> _Material provided_
^^^^^^^^

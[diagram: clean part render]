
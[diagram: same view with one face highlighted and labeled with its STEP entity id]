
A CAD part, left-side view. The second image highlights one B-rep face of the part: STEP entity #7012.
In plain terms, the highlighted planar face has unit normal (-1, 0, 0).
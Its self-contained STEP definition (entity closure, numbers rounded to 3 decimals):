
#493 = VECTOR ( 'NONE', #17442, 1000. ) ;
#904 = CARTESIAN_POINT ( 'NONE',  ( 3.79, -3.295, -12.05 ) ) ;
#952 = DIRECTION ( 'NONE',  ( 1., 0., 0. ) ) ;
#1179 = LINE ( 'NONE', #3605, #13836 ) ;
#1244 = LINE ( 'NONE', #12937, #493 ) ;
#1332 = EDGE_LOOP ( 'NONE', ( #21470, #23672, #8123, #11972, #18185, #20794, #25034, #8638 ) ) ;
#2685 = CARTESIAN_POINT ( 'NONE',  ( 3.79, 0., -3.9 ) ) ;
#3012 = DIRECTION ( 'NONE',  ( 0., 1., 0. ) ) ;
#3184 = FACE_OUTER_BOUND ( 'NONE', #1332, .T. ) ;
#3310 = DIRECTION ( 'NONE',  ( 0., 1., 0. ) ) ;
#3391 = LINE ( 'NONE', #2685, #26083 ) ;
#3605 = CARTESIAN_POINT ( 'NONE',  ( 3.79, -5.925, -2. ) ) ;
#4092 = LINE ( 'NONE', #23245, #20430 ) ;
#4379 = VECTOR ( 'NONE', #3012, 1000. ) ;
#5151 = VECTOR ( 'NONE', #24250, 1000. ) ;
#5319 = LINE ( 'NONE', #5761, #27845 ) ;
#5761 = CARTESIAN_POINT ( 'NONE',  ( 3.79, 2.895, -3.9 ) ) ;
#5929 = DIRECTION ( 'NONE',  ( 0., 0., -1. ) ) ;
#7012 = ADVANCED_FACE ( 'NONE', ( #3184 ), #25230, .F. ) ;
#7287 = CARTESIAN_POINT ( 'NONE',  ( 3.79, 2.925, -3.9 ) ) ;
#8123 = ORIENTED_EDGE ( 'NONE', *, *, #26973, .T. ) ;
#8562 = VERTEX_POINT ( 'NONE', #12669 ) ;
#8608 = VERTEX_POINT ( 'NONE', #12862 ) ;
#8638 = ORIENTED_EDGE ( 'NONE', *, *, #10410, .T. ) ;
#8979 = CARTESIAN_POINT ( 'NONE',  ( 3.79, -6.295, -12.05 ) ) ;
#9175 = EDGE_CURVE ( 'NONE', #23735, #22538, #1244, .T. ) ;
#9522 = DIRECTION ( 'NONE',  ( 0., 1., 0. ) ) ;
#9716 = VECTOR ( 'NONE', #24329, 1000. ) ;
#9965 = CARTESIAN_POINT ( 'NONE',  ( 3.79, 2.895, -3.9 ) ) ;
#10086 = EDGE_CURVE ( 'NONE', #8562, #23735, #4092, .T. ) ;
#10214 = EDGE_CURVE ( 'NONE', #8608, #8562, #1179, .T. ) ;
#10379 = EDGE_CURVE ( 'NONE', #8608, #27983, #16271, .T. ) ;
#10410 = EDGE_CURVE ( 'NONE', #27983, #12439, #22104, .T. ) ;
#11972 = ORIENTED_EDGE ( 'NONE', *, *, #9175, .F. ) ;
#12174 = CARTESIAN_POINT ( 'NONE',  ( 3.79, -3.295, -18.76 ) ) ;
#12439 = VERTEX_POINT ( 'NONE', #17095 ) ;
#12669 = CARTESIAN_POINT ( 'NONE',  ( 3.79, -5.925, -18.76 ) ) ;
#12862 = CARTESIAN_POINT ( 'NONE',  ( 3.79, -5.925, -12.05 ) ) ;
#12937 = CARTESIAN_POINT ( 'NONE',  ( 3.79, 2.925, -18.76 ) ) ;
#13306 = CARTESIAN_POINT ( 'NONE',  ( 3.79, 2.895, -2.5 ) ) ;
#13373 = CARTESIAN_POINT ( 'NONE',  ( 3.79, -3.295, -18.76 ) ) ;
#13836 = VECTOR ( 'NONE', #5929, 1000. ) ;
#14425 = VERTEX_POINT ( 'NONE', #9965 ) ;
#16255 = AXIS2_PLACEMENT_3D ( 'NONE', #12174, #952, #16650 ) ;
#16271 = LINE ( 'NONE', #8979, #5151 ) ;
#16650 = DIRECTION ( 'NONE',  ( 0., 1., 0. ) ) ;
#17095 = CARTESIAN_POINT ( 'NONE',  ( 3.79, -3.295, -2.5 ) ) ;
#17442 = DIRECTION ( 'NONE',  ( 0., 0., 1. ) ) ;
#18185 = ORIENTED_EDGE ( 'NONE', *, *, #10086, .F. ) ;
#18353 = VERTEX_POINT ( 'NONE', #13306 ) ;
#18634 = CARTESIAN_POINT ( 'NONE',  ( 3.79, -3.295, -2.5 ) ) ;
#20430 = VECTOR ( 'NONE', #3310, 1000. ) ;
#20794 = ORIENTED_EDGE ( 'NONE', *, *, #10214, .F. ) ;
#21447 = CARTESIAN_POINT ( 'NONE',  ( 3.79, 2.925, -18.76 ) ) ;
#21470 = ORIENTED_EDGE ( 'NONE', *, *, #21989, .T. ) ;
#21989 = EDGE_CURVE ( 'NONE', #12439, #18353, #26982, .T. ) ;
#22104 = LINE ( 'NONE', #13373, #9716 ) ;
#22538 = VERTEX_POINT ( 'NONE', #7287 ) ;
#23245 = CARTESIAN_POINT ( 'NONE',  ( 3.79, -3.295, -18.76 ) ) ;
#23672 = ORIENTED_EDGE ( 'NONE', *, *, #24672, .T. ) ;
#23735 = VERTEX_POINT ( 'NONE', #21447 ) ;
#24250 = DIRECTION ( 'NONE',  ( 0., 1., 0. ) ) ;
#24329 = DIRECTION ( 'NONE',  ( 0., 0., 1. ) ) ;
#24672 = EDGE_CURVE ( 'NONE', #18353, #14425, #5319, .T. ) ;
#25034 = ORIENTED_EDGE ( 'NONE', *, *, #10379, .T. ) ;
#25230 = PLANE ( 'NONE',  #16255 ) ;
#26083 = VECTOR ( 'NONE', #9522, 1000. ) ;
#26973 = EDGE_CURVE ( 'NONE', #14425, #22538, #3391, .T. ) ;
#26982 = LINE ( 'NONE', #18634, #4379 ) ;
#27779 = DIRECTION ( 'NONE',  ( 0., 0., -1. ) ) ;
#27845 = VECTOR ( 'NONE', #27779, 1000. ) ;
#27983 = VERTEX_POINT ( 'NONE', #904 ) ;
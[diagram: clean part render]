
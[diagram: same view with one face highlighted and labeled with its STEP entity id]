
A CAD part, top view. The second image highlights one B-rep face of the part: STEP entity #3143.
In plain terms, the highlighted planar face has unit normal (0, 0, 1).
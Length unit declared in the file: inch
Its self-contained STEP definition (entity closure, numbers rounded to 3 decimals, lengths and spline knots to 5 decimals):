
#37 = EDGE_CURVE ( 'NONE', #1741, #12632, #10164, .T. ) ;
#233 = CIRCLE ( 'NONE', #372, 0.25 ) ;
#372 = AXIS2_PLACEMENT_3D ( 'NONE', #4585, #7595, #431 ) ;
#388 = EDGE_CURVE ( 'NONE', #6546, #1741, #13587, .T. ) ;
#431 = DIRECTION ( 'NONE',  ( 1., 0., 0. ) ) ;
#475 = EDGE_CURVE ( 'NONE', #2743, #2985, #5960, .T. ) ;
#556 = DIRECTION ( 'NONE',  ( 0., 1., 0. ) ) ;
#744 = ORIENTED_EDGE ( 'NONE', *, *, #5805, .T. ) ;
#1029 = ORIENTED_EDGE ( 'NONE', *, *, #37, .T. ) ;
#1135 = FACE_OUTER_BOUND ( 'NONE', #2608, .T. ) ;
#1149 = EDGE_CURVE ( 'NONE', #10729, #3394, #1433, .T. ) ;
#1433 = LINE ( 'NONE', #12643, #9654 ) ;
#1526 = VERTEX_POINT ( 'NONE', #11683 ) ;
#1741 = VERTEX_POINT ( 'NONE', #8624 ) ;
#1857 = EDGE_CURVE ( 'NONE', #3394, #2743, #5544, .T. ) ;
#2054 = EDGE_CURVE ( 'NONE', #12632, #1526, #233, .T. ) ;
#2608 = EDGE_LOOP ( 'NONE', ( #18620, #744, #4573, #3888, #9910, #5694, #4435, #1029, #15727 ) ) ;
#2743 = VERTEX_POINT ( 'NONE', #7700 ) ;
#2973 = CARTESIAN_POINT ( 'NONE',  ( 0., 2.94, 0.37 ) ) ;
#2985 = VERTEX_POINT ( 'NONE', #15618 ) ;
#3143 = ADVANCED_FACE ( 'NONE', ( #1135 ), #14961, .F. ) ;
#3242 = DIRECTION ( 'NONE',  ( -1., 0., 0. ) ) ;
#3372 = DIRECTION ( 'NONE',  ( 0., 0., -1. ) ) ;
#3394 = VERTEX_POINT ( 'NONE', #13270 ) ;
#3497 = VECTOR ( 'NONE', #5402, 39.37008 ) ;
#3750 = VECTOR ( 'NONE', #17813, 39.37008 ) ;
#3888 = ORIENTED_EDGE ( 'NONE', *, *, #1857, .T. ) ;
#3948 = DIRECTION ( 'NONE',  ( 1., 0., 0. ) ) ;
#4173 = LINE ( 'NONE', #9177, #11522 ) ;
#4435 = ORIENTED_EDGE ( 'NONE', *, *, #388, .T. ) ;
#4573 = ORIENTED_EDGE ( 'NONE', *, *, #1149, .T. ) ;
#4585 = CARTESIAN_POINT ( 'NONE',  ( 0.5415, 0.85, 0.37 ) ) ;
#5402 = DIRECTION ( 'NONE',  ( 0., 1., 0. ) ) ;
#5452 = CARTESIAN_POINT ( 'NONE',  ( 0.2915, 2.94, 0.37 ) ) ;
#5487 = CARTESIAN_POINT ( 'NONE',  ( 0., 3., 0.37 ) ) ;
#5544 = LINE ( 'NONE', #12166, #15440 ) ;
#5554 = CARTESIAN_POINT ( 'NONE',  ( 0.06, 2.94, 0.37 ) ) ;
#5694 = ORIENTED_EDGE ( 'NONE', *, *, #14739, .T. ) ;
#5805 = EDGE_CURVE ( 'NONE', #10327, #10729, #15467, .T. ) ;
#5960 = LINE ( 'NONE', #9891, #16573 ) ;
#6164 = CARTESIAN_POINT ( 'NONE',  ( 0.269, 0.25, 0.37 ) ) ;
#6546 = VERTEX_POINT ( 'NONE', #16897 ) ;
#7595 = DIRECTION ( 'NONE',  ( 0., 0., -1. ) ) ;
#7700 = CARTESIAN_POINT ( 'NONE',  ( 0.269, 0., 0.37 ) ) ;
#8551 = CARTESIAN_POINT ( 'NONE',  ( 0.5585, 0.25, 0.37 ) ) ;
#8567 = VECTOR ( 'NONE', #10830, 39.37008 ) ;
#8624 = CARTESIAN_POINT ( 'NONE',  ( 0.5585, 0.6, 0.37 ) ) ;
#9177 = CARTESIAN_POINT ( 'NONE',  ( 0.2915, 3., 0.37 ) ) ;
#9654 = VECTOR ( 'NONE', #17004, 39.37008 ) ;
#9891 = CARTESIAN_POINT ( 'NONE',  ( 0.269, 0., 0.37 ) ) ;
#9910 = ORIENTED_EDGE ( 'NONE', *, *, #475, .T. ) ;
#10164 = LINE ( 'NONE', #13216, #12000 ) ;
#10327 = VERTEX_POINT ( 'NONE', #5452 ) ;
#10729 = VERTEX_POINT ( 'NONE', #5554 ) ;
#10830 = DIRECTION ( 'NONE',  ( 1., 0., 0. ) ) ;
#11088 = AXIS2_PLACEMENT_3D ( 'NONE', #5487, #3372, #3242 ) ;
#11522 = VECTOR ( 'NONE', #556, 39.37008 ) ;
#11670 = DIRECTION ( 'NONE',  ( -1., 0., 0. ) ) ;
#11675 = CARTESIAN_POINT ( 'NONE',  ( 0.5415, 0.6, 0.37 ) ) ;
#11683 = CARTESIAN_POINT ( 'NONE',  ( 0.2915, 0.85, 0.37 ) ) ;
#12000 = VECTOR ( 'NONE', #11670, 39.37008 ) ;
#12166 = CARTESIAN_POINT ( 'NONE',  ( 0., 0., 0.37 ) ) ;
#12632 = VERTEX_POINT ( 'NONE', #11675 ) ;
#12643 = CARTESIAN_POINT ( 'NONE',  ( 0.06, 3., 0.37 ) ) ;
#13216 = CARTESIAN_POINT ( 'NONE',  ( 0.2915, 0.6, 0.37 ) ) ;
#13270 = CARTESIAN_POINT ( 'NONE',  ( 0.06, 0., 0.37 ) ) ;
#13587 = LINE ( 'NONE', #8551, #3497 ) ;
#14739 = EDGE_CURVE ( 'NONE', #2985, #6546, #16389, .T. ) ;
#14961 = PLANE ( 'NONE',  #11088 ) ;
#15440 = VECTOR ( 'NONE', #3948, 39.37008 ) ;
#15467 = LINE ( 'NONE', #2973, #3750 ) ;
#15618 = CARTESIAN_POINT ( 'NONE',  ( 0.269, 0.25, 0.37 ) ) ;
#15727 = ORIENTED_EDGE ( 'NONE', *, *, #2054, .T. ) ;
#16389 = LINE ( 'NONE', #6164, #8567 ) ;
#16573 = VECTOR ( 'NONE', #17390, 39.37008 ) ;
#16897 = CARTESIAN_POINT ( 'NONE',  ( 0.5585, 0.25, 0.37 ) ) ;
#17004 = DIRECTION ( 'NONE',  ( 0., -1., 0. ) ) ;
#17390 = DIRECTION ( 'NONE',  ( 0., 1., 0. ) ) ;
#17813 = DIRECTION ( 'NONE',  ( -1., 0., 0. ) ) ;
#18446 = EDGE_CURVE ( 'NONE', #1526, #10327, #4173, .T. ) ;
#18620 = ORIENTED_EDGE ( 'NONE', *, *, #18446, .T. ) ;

^^^^^^^^

> _Prompt_
Copy the lines of the data above exactly as written, beginning with the line containing "#10164 = LINE ( 'NONE', #13216, #12000 ) ;" and ending with the line containing "#11522 = VECTOR ( 'NONE', #556, 39.37008 ) ;", and leave out all other lines.

> _Response to the task_
#10164 = LINE ( 'NONE', #13216, #12000 ) ;
#10327 = VERTEX_POINT ( 'NONE', #5452 ) ;
#10729 = VERTEX_POINT ( 'NONE', #5554 ) ;
#10830 = DIRECTION ( 'NONE',  ( 1., 0., 0. ) ) ;
#11088 = AXIS2_PLACEMENT_3D ( 'NONE', #5487, #3372, #3242 ) ;
#11522 = VECTOR ( 'NONE', #556, 39.37008 ) ;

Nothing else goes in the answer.